Activating the IT transformation programme

The detailed design phase for the first tranche—finance and supply chain—of the Horizon programme is under way, and Scullin hopes it will go live on 1 November 2021. “This is the beauty of the private cloud environment: We already have our development environment available to us—it was made available to us in six weeks—so we initiated that in early December and it became available mid-January for us,” he says.

Scullin is extremely familiar with SAP, having spent the past 20 years of his career implementing the technology in previous roles at Fonterra, Rio Tinto, and more recently at Ballance-Agri Nutrients. “Why SAP? I’ve been lucky enough to work in some large-scale global businesses and to run global businesses in multiple countries with the tax and legal compliance and accounting complexities you need a large-scale ERP, and there are only a handful of options to be able to deliver that function successfully to organisation. SAP happens to be one of those.”

It isn’t just about the tech. The skills in his team of 56 IT professionals will also be critical to the success of the Horizon programme. Scullin has spent the past year restructuring the team to put in place people with SAP skills and experience, such as business analysts capable of configuring SAP in specialty area, and an agile-style team for the “platforms of innovation”.

Going local for IoT and AI

Although SAP and Deloitte are international IT companies, Scullin says that Zespri is keen to work with local agritech providers in areas such as internet of things (IoT) and AI. “We’ve got ambitions in that enablement space, to make sure that we foster any digital innovation where potential suppliers can work closely with us and help orchard production and help our growers be more productive and have us providing those grower enablement platforms to support the flow of data to the supply chain.”

Pride in bolstering New Zealand

He notes that the agritech sector “does seem to be quite boutique and small” but helping to grow the ecosystem will be good for NZ Inc.

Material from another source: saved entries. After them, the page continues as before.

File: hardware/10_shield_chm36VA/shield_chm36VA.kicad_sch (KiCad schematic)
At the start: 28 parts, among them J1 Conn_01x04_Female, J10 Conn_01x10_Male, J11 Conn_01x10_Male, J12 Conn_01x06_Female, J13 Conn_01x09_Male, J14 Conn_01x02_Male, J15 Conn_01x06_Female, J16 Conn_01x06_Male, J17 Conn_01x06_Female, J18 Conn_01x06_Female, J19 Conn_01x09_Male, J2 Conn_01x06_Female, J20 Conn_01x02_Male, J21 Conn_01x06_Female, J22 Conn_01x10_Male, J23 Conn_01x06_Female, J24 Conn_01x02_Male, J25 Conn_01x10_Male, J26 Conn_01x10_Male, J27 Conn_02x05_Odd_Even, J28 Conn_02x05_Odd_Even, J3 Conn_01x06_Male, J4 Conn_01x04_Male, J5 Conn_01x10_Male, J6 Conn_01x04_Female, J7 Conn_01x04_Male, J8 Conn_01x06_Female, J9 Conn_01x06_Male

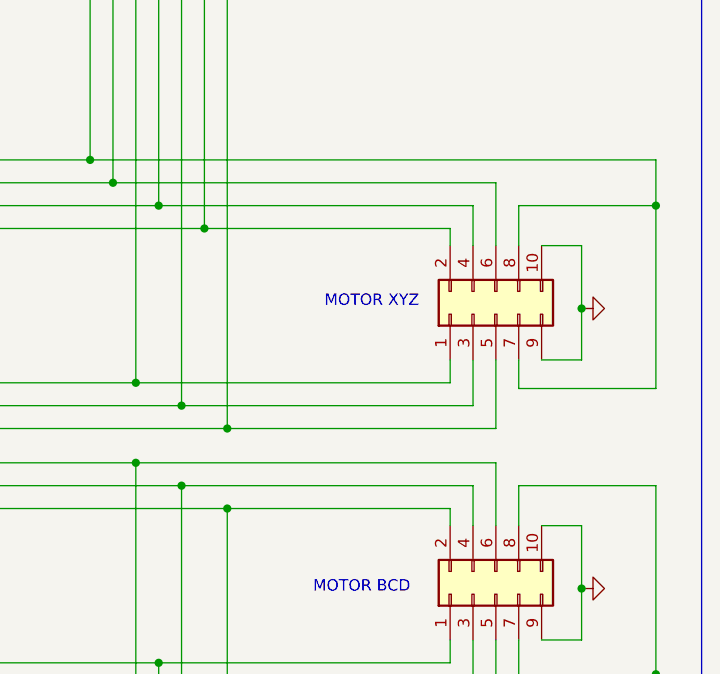
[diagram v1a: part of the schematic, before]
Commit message: Fixes in movement calculation. homing procedure fixed
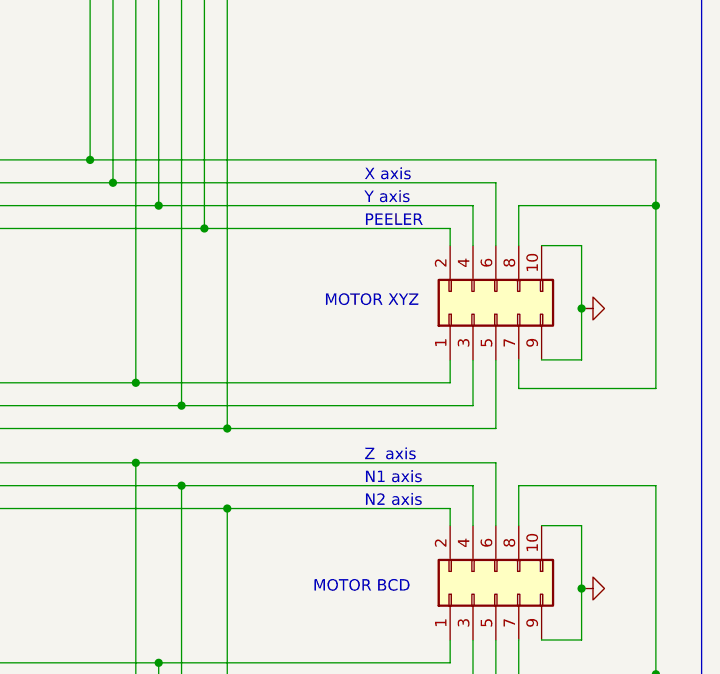
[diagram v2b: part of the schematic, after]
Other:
- note added: "N1 axis"
- note added: "N2 axis"
- note added: "PEELER"
- note added: "X axis"
- note added: "Y axis"
- note added: "Z axis"
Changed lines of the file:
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@@
     (stroke (width 0) (type default) (color 0 0 0 0))
+  )
+  (text "Z  axis" (at 354.33 157.48 0)
+    (effects (font (size 1.27 1.27)) (justify left bottom))
   )
   (text "brown" (at 252.73 62.23 90)
@@
     (effects (font (size 1.27 1.27)) (justify left bottom))
   )
+  (text "Y axis" (at 354.33 128.905 0)
+    (effects (font (size 1.27 1.27)) (justify left bottom))
+  )
   (text "white/pink" (at 174.625 64.135 90)
     (effects (font (size 1.27 1.27)) (justify left bottom))
   )
   (text "green" (at 155.829 60.833 90)
+    (effects (font (size 1.27 1.27)) (justify left bottom))
+  )
+  (text "N2 axis" (at 354.33 162.56 0)
     (effects (font (size 1.27 1.27)) (justify left bottom))
   )
@@
     (effects (font (size 1.27 1.27)) (justify left bottom))
   )
+  (text "X axis" (at 354.33 126.365 0)
+    (effects (font (size 1.27 1.27)) (justify left bottom))
+  )
   (text "grey" (at 247.65 62.23 90)
     (effects (font (size 1.27 1.27)) (justify left bottom))
   )
   (text "white/brown" (at 141.605 60.96 90)
+    (effects (font (size 1.27 1.27)) (justify left bottom))
+  )
+  (text "N1 axis" (at 354.33 160.02 0)
     (effects (font (size 1.27 1.27)) (justify left bottom))
   )
@@
     (effects (font (size 1.27 1.27)) (justify left bottom))
   )
+  (text "PEELER" (at 354.33 131.445 0)
+    (effects (font (size 1.27 1.27)) (justify left bottom))
+  )

As for Scullin himself, “I have a real sense of pride if I’m part of a large-scale project or a part of building a team that delivers some wonderful digital capability to solve business problems in a sector that is the backbone of the New Zealand economy.  What a fantastic feeling for my people, my team, to be part of that and be proud to say New Zealand’s economy is doing well because of the kiwifruit sector, or any other primary sector organisation, and be part of that success.”